## TRY IT:
Copy out exactly the lines below that run from the one holding "#369=SPHERICAL_SURFACE('',#368,1.);" to the one holding "#377=EDGE_CURVE('E165',#131,#106,#376,.F.);", keeping both of those lines and no others.

## INPUT RECORDS:
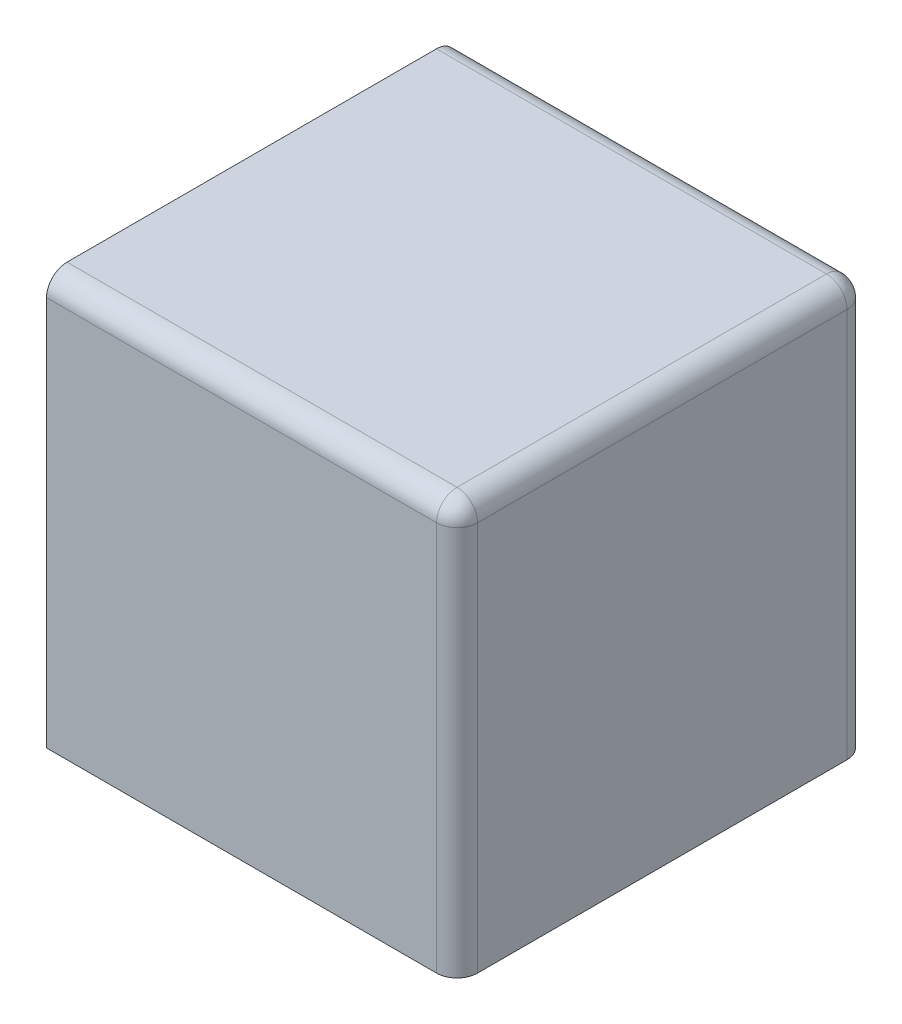
ISO-10303-21;
HEADER;
FILE_DESCRIPTION(('STEP AP214'),'2;1');
FILE_NAME('part.step','',(''),(''),'','','');
FILE_SCHEMA(('AUTOMOTIVE_DESIGN { 1 0 10303 214 1 1 1 1 }'));
ENDSEC;
DATA;
#1=APPLICATION_CONTEXT('core data for automotive mechanical design processes');
#2=APPLICATION_PROTOCOL_DEFINITION('international standard','automotive_design',2000,#1);
#3=PRODUCT_CONTEXT('',#1,'mechanical');
#4=PRODUCT('Part','Part','',(#3));
#5=PRODUCT_RELATED_PRODUCT_CATEGORY('part','',(#4));
#6=PRODUCT_DEFINITION_FORMATION('','',#4);
#7=PRODUCT_DEFINITION_CONTEXT('part definition',#1,'design');
#8=PRODUCT_DEFINITION('design','',#6,#7);
#9=PRODUCT_DEFINITION_SHAPE('','',#8);
#10=(LENGTH_UNIT() NAMED_UNIT(*) SI_UNIT(.MILLI.,.METRE.));
#11=(NAMED_UNIT(*) PLANE_ANGLE_UNIT() SI_UNIT($,.RADIAN.));
#12=(NAMED_UNIT(*) SI_UNIT($,.STERADIAN.) SOLID_ANGLE_UNIT());
#13=UNCERTAINTY_MEASURE_WITH_UNIT(LENGTH_MEASURE(1.E-05),#10,'distance_accuracy_value','');
#14=(GEOMETRIC_REPRESENTATION_CONTEXT(3) GLOBAL_UNCERTAINTY_ASSIGNED_CONTEXT((#13)) GLOBAL_UNIT_ASSIGNED_CONTEXT((#10,
#11,#12)) REPRESENTATION_CONTEXT('',''));
#15=CARTESIAN_POINT('',(0.,0.,0.));
#16=DIRECTION('',(0.,0.,1.));
#17=DIRECTION('',(1.,0.,0.));
#18=AXIS2_PLACEMENT_3D('',#15,#16,#17);
#19=CARTESIAN_POINT('',(-10.,20.,-10.));
#20=DIRECTION('',(1.,0.,0.));
#21=DIRECTION('',(0.,0.,-1.));
#22=AXIS2_PLACEMENT_3D('',#19,#20,#21);
#23=PLANE('',#22);
#24=CARTESIAN_POINT('',(-10.,10.,0.));
#25=DIRECTION('',(-1.,0.,0.));
#26=DIRECTION('',(0.,0.,1.));
#27=AXIS2_PLACEMENT_3D('',#24,#25,#26);
#28=CIRCLE('',#27,2.5);
#29=CARTESIAN_POINT('',(-10.,10.,2.5));
#30=VERTEX_POINT('',#29);
#31=EDGE_CURVE('E116',#30,#30,#28,.T.);
#32=ORIENTED_EDGE('',*,*,#31,.F.);
#33=EDGE_LOOP('',(#32));
#34=FACE_BOUND('',#33,.T.);
#35=DIRECTION('',(0.,-1.,0.));
#36=VECTOR('',#35,1.);
#37=CARTESIAN_POINT('',(-10.,20.,10.));
#38=LINE('',#37,#36);
#39=CARTESIAN_POINT('',(-10.,19.,10.));
#40=VERTEX_POINT('',#39);
#41=CARTESIAN_POINT('',(-10.,0.,10.));
#42=VERTEX_POINT('',#41);
#43=EDGE_CURVE('E107',#40,#42,#38,.T.);
#44=ORIENTED_EDGE('',*,*,#43,.F.);
#45=CARTESIAN_POINT('',(-10.,19.,9.));
#46=DIRECTION('',(1.,0.,0.));
#47=DIRECTION('',(0.,0.,-1.));
#48=AXIS2_PLACEMENT_3D('',#45,#46,#47);
#49=CIRCLE('',#48,1.);
#50=CARTESIAN_POINT('',(-10.,20.,9.));
#51=VERTEX_POINT('',#50);
#52=EDGE_CURVE('E162',#40,#51,#49,.F.);
#53=ORIENTED_EDGE('',*,*,#52,.T.);
#54=DIRECTION('',(0.,0.,1.));
#55=VECTOR('',#54,1.);
#56=CARTESIAN_POINT('',(-10.,20.,-10.));
#57=LINE('',#56,#55);
#58=CARTESIAN_POINT('',(-10.,20.,-9.));
#59=VERTEX_POINT('',#58);
#60=EDGE_CURVE('E134',#59,#51,#57,.T.);
#61=ORIENTED_EDGE('',*,*,#60,.F.);
#62=CARTESIAN_POINT('',(-10.,19.,-9.));
#63=DIRECTION('',(1.,0.,0.));
#64=DIRECTION('',(0.,0.,-1.));
#65=AXIS2_PLACEMENT_3D('',#62,#63,#64);
#66=CIRCLE('',#65,1.);
#67=CARTESIAN_POINT('',(-10.,19.,-10.));
#68=VERTEX_POINT('',#67);
#69=EDGE_CURVE('E64',#59,#68,#66,.F.);
#70=ORIENTED_EDGE('',*,*,#69,.T.);
#71=DIRECTION('',(0.,-1.,0.));
#72=VECTOR('',#71,1.);
#73=CARTESIAN_POINT('',(-10.,20.,-10.));
#74=LINE('',#73,#72);
#75=CARTESIAN_POINT('',(-10.,0.,-10.));
#76=VERTEX_POINT('',#75);
#77=EDGE_CURVE('E117',#68,#76,#74,.T.);
#78=ORIENTED_EDGE('',*,*,#77,.T.);
#79=DIRECTION('',(0.,0.,1.));
#80=VECTOR('',#79,1.);
#81=CARTESIAN_POINT('',(-10.,0.,-10.));
#82=LINE('',#81,#80);
#83=EDGE_CURVE('E124',#76,#42,#82,.T.);
#84=ORIENTED_EDGE('',*,*,#83,.T.);
#85=EDGE_LOOP('',(#44,#53,#61,#70,#78,#84));
#86=FACE_BOUND('',#85,.T.);
#87=ADVANCED_FACE('F41',(#34,#86),#23,.F.);
#88=CARTESIAN_POINT('',(10.,20.,10.));
#89=DIRECTION('',(0.,0.,-1.));
#90=DIRECTION('',(-1.,0.,0.));
#91=AXIS2_PLACEMENT_3D('',#88,#89,#90);
#92=PLANE('',#91);
#93=DIRECTION('',(1.,0.,0.));
#94=VECTOR('',#93,1.);
#95=CARTESIAN_POINT('',(10.,0.,10.));
#96=LINE('',#95,#94);
#97=CARTESIAN_POINT('',(9.,0.,10.));
#98=VERTEX_POINT('',#97);
#99=EDGE_CURVE('E110',#42,#98,#96,.T.);
#100=ORIENTED_EDGE('',*,*,#99,.T.);
#101=DIRECTION('',(0.,-1.,0.));
#102=VECTOR('',#101,1.);
#103=CARTESIAN_POINT('',(9.,20.,10.));
#104=LINE('',#103,#102);
#105=CARTESIAN_POINT('',(9.,19.,10.));
#106=VERTEX_POINT('',#105);
#107=EDGE_CURVE('E153',#98,#106,#104,.F.);
#108=ORIENTED_EDGE('',*,*,#107,.T.);
#109=DIRECTION('',(1.,0.,0.));
#110=VECTOR('',#109,1.);
#111=CARTESIAN_POINT('',(10.,19.,10.));
#112=LINE('',#111,#110);
#113=EDGE_CURVE('E113',#106,#40,#112,.F.);
#114=ORIENTED_EDGE('',*,*,#113,.T.);
#115=ORIENTED_EDGE('',*,*,#43,.T.);
#116=EDGE_LOOP('',(#100,#108,#114,#115));
#117=FACE_BOUND('',#116,.T.);
#118=ADVANCED_FACE('F109',(#117),#92,.F.);
#119=CARTESIAN_POINT('',(10.,20.,-10.));
#120=DIRECTION('',(-1.,0.,0.));
#121=DIRECTION('',(0.,0.,1.));
#122=AXIS2_PLACEMENT_3D('',#119,#120,#121);
#123=PLANE('',#122);
#124=DIRECTION('',(0.,0.,-1.));
#125=VECTOR('',#124,1.);
#126=CARTESIAN_POINT('',(10.,19.,-10.));
#127=LINE('',#126,#125);
#128=CARTESIAN_POINT('',(10.,19.,-9.));
#129=VERTEX_POINT('',#128);
#130=CARTESIAN_POINT('',(10.,19.,9.));
#131=VERTEX_POINT('',#130);
#132=EDGE_CURVE('E142',#129,#131,#127,.F.);
#133=ORIENTED_EDGE('',*,*,#132,.T.);
#134=DIRECTION('',(0.,-1.,0.));
#135=VECTOR('',#134,1.);
#136=CARTESIAN_POINT('',(10.,20.,9.));
#137=LINE('',#136,#135);
#138=CARTESIAN_POINT('',(10.,0.,9.));
#139=VERTEX_POINT('',#138);
#140=EDGE_CURVE('E146',#131,#139,#137,.T.);
#141=ORIENTED_EDGE('',*,*,#140,.T.);
#142=DIRECTION('',(0.,0.,-1.));
#143=VECTOR('',#142,1.);
#144=CARTESIAN_POINT('',(10.,0.,-10.));
#145=LINE('',#144,#143);
#146=CARTESIAN_POINT('',(10.,0.,-9.));
#147=VERTEX_POINT('',#146);
#148=EDGE_CURVE('E126',#139,#147,#145,.T.);
#149=ORIENTED_EDGE('',*,*,#148,.T.);
#150=DIRECTION('',(0.,-1.,0.));
#151=VECTOR('',#150,1.);
#152=CARTESIAN_POINT('',(10.,20.,-9.));
#153=LINE('',#152,#151);
#154=EDGE_CURVE('E144',#147,#129,#153,.F.);
#155=ORIENTED_EDGE('',*,*,#154,.T.);
#156=EDGE_LOOP('',(#133,#141,#149,#155));
#157=FACE_BOUND('',#156,.T.);
#158=ADVANCED_FACE('F194',(#157),#123,.F.);
#159=CARTESIAN_POINT('',(10.,20.,-10.));
#160=DIRECTION('',(0.,0.,1.));
#161=DIRECTION('',(1.,0.,0.));
#162=AXIS2_PLACEMENT_3D('',#159,#160,#161);
#163=PLANE('',#162);
#164=DIRECTION('',(-1.,0.,0.));
#165=VECTOR('',#164,1.);
#166=CARTESIAN_POINT('',(10.,19.,-10.));
#167=LINE('',#166,#165);
#168=CARTESIAN_POINT('',(9.,19.,-10.));
#169=VERTEX_POINT('',#168);
#170=EDGE_CURVE('E50',#68,#169,#167,.F.);
#171=ORIENTED_EDGE('',*,*,#170,.T.);
#172=DIRECTION('',(0.,-1.,0.));
#173=VECTOR('',#172,1.);
#174=CARTESIAN_POINT('',(9.,20.,-10.));
#175=LINE('',#174,#173);
#176=CARTESIAN_POINT('',(9.,0.,-10.));
#177=VERTEX_POINT('',#176);
#178=EDGE_CURVE('E11',#169,#177,#175,.T.);
#179=ORIENTED_EDGE('',*,*,#178,.T.);
#180=DIRECTION('',(-1.,0.,0.));
#181=VECTOR('',#180,1.);
#182=CARTESIAN_POINT('',(10.,0.,-10.));
#183=LINE('',#182,#181);
#184=EDGE_CURVE('E139',#177,#76,#183,.T.);
#185=ORIENTED_EDGE('',*,*,#184,.T.);
#186=ORIENTED_EDGE('',*,*,#77,.F.);
#187=EDGE_LOOP('',(#171,#179,#185,#186));
#188=FACE_BOUND('',#187,.T.);
#189=ADVANCED_FACE('F200',(#188),#163,.F.);
#190=CARTESIAN_POINT('',(0.,20.,0.));
#191=DIRECTION('',(0.,-1.,0.));
#192=DIRECTION('',(0.,0.,-1.));
#193=AXIS2_PLACEMENT_3D('',#190,#191,#192);
#194=PLANE('',#193);
#195=ORIENTED_EDGE('',*,*,#60,.T.);
#196=DIRECTION('',(1.,0.,0.));
#197=VECTOR('',#196,1.);
#198=CARTESIAN_POINT('',(0.,20.,9.));
#199=LINE('',#198,#197);
#200=CARTESIAN_POINT('',(9.,20.,9.));
#201=VERTEX_POINT('',#200);
#202=EDGE_CURVE('E159',#51,#201,#199,.T.);
#203=ORIENTED_EDGE('',*,*,#202,.T.);
#204=DIRECTION('',(0.,0.,-1.));
#205=VECTOR('',#204,1.);
#206=CARTESIAN_POINT('',(9.,20.,0.));
#207=LINE('',#206,#205);
#208=CARTESIAN_POINT('',(9.,20.,-9.));
#209=VERTEX_POINT('',#208);
#210=EDGE_CURVE('E157',#201,#209,#207,.T.);
#211=ORIENTED_EDGE('',*,*,#210,.T.);
#212=DIRECTION('',(-1.,0.,0.));
#213=VECTOR('',#212,1.);
#214=CARTESIAN_POINT('',(0.,20.,-9.));
#215=LINE('',#214,#213);
#216=EDGE_CURVE('E155',#209,#59,#215,.T.);
#217=ORIENTED_EDGE('',*,*,#216,.T.);
#218=EDGE_LOOP('',(#195,#203,#211,#217));
#219=FACE_BOUND('',#218,.T.);
#220=ADVANCED_FACE('F203',(#219),#194,.F.);
#221=CARTESIAN_POINT('',(0.,0.,0.));
#222=DIRECTION('',(0.,-1.,0.));
#223=DIRECTION('',(0.,0.,-1.));
#224=AXIS2_PLACEMENT_3D('',#221,#222,#223);
#225=PLANE('',#224);
#226=ORIENTED_EDGE('',*,*,#148,.F.);
#227=CARTESIAN_POINT('',(9.,0.,9.));
#228=DIRECTION('',(0.,-1.,0.));
#229=DIRECTION('',(0.,0.,-1.));
#230=AXIS2_PLACEMENT_3D('',#227,#228,#229);
#231=CIRCLE('',#230,1.);
#232=EDGE_CURVE('E125',#139,#98,#231,.T.);
#233=ORIENTED_EDGE('',*,*,#232,.T.);
#234=ORIENTED_EDGE('',*,*,#99,.F.);
#235=ORIENTED_EDGE('',*,*,#83,.F.);
#236=ORIENTED_EDGE('',*,*,#184,.F.);
#237=CARTESIAN_POINT('',(9.,0.,-9.));
#238=DIRECTION('',(0.,-1.,0.));
#239=DIRECTION('',(0.,0.,-1.));
#240=AXIS2_PLACEMENT_3D('',#237,#238,#239);
#241=CIRCLE('',#240,1.);
#242=EDGE_CURVE('E149',#177,#147,#241,.T.);
#243=ORIENTED_EDGE('',*,*,#242,.T.);
#244=EDGE_LOOP('',(#226,#233,#234,#235,#236,#243));
#245=FACE_BOUND('',#244,.T.);
#246=ADVANCED_FACE('F122',(#245),#225,.T.);
#247=CARTESIAN_POINT('',(-16.,10.,0.));
#248=DIRECTION('',(1.,0.,0.));
#249=DIRECTION('',(0.,0.,-1.));
#250=AXIS2_PLACEMENT_3D('',#247,#248,#249);
#251=CYLINDRICAL_SURFACE('',#250,2.5);
#252=CARTESIAN_POINT('',(-16.,10.,0.));
#253=DIRECTION('',(-1.,0.,0.));
#254=DIRECTION('',(0.,0.,1.));
#255=AXIS2_PLACEMENT_3D('',#252,#253,#254);
#256=CIRCLE('',#255,2.5);
#257=CARTESIAN_POINT('',(-16.,10.,2.5));
#258=VERTEX_POINT('',#257);
#259=EDGE_CURVE('E129',#258,#258,#256,.T.);
#260=ORIENTED_EDGE('',*,*,#259,.F.);
#261=EDGE_LOOP('',(#260));
#262=FACE_BOUND('',#261,.T.);
#263=ORIENTED_EDGE('',*,*,#31,.T.);
#264=EDGE_LOOP('',(#263));
#265=FACE_BOUND('',#264,.T.);
#266=ADVANCED_FACE('F232',(#262,#265),#251,.T.);
#267=CARTESIAN_POINT('',(-16.,10.,0.));
#268=DIRECTION('',(-1.,0.,0.));
#269=DIRECTION('',(0.,0.,1.));
#270=AXIS2_PLACEMENT_3D('',#267,#268,#269);
#271=PLANE('',#270);
#272=ORIENTED_EDGE('',*,*,#259,.T.);
#273=EDGE_LOOP('',(#272));
#274=FACE_BOUND('',#273,.T.);
#275=ADVANCED_FACE('F237',(#274),#271,.T.);
#276=CARTESIAN_POINT('',(0.,19.,-9.));
#277=DIRECTION('',(-1.,0.,0.));
#278=DIRECTION('',(0.,0.,1.));
#279=AXIS2_PLACEMENT_3D('',#276,#277,#278);
#280=CYLINDRICAL_SURFACE('',#279,1.);
#281=ORIENTED_EDGE('',*,*,#69,.F.);
#282=ORIENTED_EDGE('',*,*,#216,.F.);
#283=CARTESIAN_POINT('',(9.,19.,-9.));
#284=DIRECTION('',(1.,0.,0.));
#285=DIRECTION('',(0.,0.,-1.));
#286=AXIS2_PLACEMENT_3D('',#283,#284,#285);
#287=CIRCLE('',#286,1.);
#288=EDGE_CURVE('E45',#169,#209,#287,.T.);
#289=ORIENTED_EDGE('',*,*,#288,.F.);
#290=ORIENTED_EDGE('',*,*,#170,.F.);
#291=EDGE_LOOP('',(#281,#282,#289,#290));
#292=FACE_BOUND('',#291,.T.);
#293=ADVANCED_FACE('F43',(#292),#280,.T.);
#294=CARTESIAN_POINT('',(9.,20.,-9.));
#295=DIRECTION('',(0.,-1.,0.));
#296=DIRECTION('',(0.,0.,-1.));
#297=AXIS2_PLACEMENT_3D('',#294,#295,#296);
#298=CYLINDRICAL_SURFACE('',#297,1.);
#299=ORIENTED_EDGE('',*,*,#242,.F.);
#300=ORIENTED_EDGE('',*,*,#178,.F.);
#301=CARTESIAN_POINT('',(9.,19.,-9.));
#302=DIRECTION('',(0.,1.,0.));
#303=DIRECTION('',(0.,0.,1.));
#304=AXIS2_PLACEMENT_3D('',#301,#302,#303);
#305=CIRCLE('',#304,1.);
#306=EDGE_CURVE('E176',#129,#169,#305,.T.);
#307=ORIENTED_EDGE('',*,*,#306,.F.);
#308=ORIENTED_EDGE('',*,*,#154,.F.);
#309=EDGE_LOOP('',(#299,#300,#307,#308));
#310=FACE_BOUND('',#309,.T.);
#311=ADVANCED_FACE('F199',(#310),#298,.T.);
#312=CARTESIAN_POINT('',(9.,19.,-9.));
#313=DIRECTION('',(0.,0.,-1.));
#314=DIRECTION('',(-1.,0.,0.));
#315=AXIS2_PLACEMENT_3D('',#312,#313,#314);
#316=SPHERICAL_SURFACE('',#315,1.);
#317=ORIENTED_EDGE('',*,*,#306,.T.);
#318=ORIENTED_EDGE('',*,*,#288,.T.);
#319=CARTESIAN_POINT('',(9.,19.,-9.));
#320=DIRECTION('',(0.,0.,-1.));
#321=DIRECTION('',(-1.,0.,0.));
#322=AXIS2_PLACEMENT_3D('',#319,#320,#321);
#323=CIRCLE('',#322,1.);
#324=EDGE_CURVE('E174',#129,#209,#323,.F.);
#325=ORIENTED_EDGE('',*,*,#324,.F.);
#326=EDGE_LOOP('',(#317,#318,#325));
#327=FACE_BOUND('',#326,.T.);
#328=ADVANCED_FACE('F183',(#327),#316,.T.);
#329=CARTESIAN_POINT('',(0.,19.,9.));
#330=DIRECTION('',(1.,0.,0.));
#331=DIRECTION('',(0.,0.,-1.));
#332=AXIS2_PLACEMENT_3D('',#329,#330,#331);
#333=CYLINDRICAL_SURFACE('',#332,1.);
#334=ORIENTED_EDGE('',*,*,#52,.F.);
#335=ORIENTED_EDGE('',*,*,#113,.F.);
#336=CARTESIAN_POINT('',(9.,19.,9.));
#337=DIRECTION('',(1.,0.,0.));
#338=DIRECTION('',(0.,0.,-1.));
#339=AXIS2_PLACEMENT_3D('',#336,#337,#338);
#340=CIRCLE('',#339,1.);
#341=EDGE_CURVE('E171',#201,#106,#340,.T.);
#342=ORIENTED_EDGE('',*,*,#341,.F.);
#343=ORIENTED_EDGE('',*,*,#202,.F.);
#344=EDGE_LOOP('',(#334,#335,#342,#343));
#345=FACE_BOUND('',#344,.T.);
#346=ADVANCED_FACE('F206',(#345),#333,.T.);
#347=CARTESIAN_POINT('',(9.,19.,0.));
#348=DIRECTION('',(0.,0.,-1.));
#349=DIRECTION('',(-1.,0.,0.));
#350=AXIS2_PLACEMENT_3D('',#347,#348,#349);
#351=CYLINDRICAL_SURFACE('',#350,1.);
#352=ORIENTED_EDGE('',*,*,#324,.T.);
#353=ORIENTED_EDGE('',*,*,#210,.F.);
#354=CARTESIAN_POINT('',(9.,19.,9.));
#355=DIRECTION('',(0.,0.,1.));
#356=DIRECTION('',(1.,0.,0.));
#357=AXIS2_PLACEMENT_3D('',#354,#355,#356);
#358=CIRCLE('',#357,1.);
#359=EDGE_CURVE('E168',#131,#201,#358,.T.);
#360=ORIENTED_EDGE('',*,*,#359,.F.);
#361=ORIENTED_EDGE('',*,*,#132,.F.);
#362=EDGE_LOOP('',(#352,#353,#360,#361));
#363=FACE_BOUND('',#362,.T.);
#364=ADVANCED_FACE('F189',(#363),#351,.T.);
#365=CARTESIAN_POINT('',(9.,19.,9.));
#366=DIRECTION('',(0.,1.,0.));
#367=DIRECTION('',(0.,0.,1.));
#368=AXIS2_PLACEMENT_3D('',#365,#366,#367);
#369=SPHERICAL_SURFACE('',#368,1.);
#370=ORIENTED_EDGE('',*,*,#359,.T.);
#371=ORIENTED_EDGE('',*,*,#341,.T.);
#372=CARTESIAN_POINT('',(9.,19.,9.));
#373=DIRECTION('',(0.,1.,0.));
#374=DIRECTION('',(0.,0.,1.));
#375=AXIS2_PLACEMENT_3D('',#372,#373,#374);
#376=CIRCLE('',#375,1.);
#377=EDGE_CURVE('E165',#131,#106,#376,.F.);
#378=ORIENTED_EDGE('',*,*,#377,.F.);
#379=EDGE_LOOP('',(#370,#371,#378));
#380=FACE_BOUND('',#379,.T.);
#381=ADVANCED_FACE('F208',(#380),#369,.T.);
#382=CARTESIAN_POINT('',(9.,20.,9.));
#383=DIRECTION('',(0.,-1.,0.));
#384=DIRECTION('',(0.,0.,-1.));
#385=AXIS2_PLACEMENT_3D('',#382,#383,#384);
#386=CYLINDRICAL_SURFACE('',#385,1.);
#387=ORIENTED_EDGE('',*,*,#377,.T.);
#388=ORIENTED_EDGE('',*,*,#107,.F.);
#389=ORIENTED_EDGE('',*,*,#232,.F.);
#390=ORIENTED_EDGE('',*,*,#140,.F.);
#391=EDGE_LOOP('',(#387,#388,#389,#390));
#392=FACE_BOUND('',#391,.T.);
#393=ADVANCED_FACE('F210',(#392),#386,.T.);
#394=CLOSED_SHELL('',(#87,#118,#158,#189,#220,#246,#266,#275,#293,#311,#328,#346,#364,#381,#393));
#395=MANIFOLD_SOLID_BREP('B2',#394);
#396=ADVANCED_BREP_SHAPE_REPRESENTATION('',(#18,#395),#14);
#397=SHAPE_DEFINITION_REPRESENTATION(#9,#396);
ENDSEC;
END-ISO-10303-21;

## RESULT BELOW:
#369=SPHERICAL_SURFACE('',#368,1.);
#370=ORIENTED_EDGE('',*,*,#359,.T.);
#371=ORIENTED_EDGE('',*,*,#341,.T.);
#372=CARTESIAN_POINT('',(9.,19.,9.));
#373=DIRECTION('',(0.,1.,0.));
#374=DIRECTION('',(0.,0.,1.));
#375=AXIS2_PLACEMENT_3D('',#372,#373,#374);
#376=CIRCLE('',#375,1.);
#377=EDGE_CURVE('E165',#131,#106,#376,.F.);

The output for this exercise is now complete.